* _EXERCISE OBJECTIVE_:
After finding the line with "#45=DIRECTION('',(-1.,0.,0.));" in the entries below, retype exactly each line from there through the line with "#59=FACE_BOUND('',#58,.T.);", including that final line.

* _SUPPLIED INFORMATION_:
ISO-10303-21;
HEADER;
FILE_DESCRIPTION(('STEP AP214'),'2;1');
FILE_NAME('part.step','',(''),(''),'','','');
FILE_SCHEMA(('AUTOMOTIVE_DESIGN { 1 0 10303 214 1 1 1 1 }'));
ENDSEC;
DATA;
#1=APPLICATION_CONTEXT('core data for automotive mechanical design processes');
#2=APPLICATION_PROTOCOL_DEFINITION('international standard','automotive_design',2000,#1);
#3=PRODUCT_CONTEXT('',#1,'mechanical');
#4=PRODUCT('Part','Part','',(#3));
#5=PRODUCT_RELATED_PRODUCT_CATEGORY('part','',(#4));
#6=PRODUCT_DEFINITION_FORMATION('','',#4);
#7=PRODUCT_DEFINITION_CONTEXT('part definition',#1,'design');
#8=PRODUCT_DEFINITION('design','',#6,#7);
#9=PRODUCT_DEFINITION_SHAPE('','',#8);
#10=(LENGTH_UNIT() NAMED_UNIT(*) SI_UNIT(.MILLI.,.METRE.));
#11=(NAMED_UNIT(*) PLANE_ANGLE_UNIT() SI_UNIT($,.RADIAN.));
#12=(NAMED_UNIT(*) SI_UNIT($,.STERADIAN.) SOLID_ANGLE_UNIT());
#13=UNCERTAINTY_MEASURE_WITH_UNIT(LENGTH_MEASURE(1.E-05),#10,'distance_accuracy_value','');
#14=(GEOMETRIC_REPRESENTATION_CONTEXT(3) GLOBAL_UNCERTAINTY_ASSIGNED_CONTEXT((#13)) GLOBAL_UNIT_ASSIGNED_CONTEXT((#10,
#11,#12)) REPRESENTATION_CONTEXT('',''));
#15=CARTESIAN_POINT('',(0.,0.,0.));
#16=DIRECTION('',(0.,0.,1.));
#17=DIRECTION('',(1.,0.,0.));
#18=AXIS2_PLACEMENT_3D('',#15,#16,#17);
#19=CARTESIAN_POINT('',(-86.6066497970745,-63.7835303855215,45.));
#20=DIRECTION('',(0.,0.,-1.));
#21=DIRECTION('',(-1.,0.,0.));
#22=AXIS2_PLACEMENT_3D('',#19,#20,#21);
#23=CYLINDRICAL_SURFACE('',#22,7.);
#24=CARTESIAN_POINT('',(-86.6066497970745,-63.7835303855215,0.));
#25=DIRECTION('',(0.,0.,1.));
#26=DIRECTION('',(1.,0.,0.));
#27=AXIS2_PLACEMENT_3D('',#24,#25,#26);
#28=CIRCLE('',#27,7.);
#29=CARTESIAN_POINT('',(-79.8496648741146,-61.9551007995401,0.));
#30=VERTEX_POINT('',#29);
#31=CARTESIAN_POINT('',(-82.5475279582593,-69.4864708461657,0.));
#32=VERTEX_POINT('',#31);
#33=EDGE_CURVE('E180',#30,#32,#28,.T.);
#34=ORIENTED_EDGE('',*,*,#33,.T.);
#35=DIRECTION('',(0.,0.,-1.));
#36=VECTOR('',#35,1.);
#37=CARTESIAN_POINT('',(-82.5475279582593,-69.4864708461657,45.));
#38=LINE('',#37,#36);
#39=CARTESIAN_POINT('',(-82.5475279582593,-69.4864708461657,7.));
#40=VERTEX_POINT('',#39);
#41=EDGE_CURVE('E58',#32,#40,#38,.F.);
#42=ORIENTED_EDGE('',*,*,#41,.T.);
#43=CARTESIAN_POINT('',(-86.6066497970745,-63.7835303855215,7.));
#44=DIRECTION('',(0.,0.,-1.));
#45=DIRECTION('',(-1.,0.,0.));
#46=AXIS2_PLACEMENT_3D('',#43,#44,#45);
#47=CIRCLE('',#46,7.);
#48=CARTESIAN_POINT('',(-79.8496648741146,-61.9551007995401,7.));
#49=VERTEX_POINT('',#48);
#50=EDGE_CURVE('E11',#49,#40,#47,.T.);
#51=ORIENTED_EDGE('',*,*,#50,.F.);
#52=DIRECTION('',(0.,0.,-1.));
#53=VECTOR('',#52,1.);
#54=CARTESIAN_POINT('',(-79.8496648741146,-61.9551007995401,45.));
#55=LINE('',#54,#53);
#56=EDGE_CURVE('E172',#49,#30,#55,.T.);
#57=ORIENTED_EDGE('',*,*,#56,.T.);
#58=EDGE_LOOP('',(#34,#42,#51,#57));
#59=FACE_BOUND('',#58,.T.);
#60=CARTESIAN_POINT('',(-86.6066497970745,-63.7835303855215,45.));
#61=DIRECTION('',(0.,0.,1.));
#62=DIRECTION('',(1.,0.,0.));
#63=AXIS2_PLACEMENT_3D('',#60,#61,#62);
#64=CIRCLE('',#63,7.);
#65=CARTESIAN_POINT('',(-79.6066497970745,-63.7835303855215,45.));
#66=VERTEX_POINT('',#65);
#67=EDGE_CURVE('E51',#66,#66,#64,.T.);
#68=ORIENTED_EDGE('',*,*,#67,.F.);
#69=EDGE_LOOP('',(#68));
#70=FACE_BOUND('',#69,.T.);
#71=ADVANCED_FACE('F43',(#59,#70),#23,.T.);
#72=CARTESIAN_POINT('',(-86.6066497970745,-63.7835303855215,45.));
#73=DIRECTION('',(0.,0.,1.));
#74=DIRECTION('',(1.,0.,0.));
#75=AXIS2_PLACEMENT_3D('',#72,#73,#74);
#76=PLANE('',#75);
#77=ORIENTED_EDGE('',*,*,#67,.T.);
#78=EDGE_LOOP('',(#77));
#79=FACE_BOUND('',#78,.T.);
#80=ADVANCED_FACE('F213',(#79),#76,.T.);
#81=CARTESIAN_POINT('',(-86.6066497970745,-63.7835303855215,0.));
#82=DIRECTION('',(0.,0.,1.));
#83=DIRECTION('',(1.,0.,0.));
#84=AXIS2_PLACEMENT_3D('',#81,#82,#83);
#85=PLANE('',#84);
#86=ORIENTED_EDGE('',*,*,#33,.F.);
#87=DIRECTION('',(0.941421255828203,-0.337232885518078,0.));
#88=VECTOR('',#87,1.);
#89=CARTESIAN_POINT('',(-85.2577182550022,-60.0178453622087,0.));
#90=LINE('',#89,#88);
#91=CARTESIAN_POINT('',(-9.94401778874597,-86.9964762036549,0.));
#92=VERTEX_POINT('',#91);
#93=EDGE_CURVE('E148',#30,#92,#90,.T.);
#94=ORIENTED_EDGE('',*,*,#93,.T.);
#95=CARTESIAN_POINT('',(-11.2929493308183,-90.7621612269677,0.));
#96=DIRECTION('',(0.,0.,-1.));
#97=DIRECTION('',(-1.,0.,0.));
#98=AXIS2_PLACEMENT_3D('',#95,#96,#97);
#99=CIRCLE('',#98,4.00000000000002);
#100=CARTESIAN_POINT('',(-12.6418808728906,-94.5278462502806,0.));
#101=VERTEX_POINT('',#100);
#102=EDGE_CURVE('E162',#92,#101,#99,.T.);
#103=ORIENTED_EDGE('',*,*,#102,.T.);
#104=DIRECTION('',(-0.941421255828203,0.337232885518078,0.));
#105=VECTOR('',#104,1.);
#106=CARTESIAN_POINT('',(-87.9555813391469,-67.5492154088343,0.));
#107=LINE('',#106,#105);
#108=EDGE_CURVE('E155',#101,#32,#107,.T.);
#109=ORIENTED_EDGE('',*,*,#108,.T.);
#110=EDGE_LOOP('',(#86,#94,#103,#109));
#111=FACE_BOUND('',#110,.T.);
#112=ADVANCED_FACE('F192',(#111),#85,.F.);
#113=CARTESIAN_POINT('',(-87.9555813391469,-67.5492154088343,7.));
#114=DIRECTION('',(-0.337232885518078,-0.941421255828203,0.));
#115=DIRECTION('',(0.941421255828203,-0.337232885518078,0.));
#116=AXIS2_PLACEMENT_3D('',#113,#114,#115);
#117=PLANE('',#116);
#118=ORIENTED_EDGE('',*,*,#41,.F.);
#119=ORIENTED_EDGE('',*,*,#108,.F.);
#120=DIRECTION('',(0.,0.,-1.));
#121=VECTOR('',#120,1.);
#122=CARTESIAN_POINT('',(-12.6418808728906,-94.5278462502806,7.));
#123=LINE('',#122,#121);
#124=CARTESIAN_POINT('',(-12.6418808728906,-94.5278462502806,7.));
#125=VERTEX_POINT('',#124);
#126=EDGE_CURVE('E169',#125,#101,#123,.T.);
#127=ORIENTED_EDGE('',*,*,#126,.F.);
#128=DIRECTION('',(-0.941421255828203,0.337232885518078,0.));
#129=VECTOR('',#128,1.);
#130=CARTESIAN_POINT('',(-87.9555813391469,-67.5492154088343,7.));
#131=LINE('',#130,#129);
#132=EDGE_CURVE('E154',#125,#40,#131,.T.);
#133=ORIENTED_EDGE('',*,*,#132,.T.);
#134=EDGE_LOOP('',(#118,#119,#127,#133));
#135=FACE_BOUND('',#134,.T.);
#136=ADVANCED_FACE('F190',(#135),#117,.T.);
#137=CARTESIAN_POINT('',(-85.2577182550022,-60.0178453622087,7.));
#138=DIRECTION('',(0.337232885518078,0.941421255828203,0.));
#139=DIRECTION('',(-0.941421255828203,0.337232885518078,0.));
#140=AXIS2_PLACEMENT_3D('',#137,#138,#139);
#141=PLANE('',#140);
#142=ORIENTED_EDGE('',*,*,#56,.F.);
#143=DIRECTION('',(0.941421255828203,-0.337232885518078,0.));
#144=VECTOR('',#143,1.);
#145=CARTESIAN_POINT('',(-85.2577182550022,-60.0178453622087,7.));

* _EXERCISE SOLUTION_:
#45=DIRECTION('',(-1.,0.,0.));
#46=AXIS2_PLACEMENT_3D('',#43,#44,#45);
#47=CIRCLE('',#46,7.);
#48=CARTESIAN_POINT('',(-79.8496648741146,-61.9551007995401,7.));
#49=VERTEX_POINT('',#48);
#50=EDGE_CURVE('E11',#49,#40,#47,.T.);
#51=ORIENTED_EDGE('',*,*,#50,.F.);
#52=DIRECTION('',(0.,0.,-1.));
#53=VECTOR('',#52,1.);
#54=CARTESIAN_POINT('',(-79.8496648741146,-61.9551007995401,45.));
#55=LINE('',#54,#53);
#56=EDGE_CURVE('E172',#49,#30,#55,.T.);
#57=ORIENTED_EDGE('',*,*,#56,.T.);
#58=EDGE_LOOP('',(#34,#42,#51,#57));
#59=FACE_BOUND('',#58,.T.);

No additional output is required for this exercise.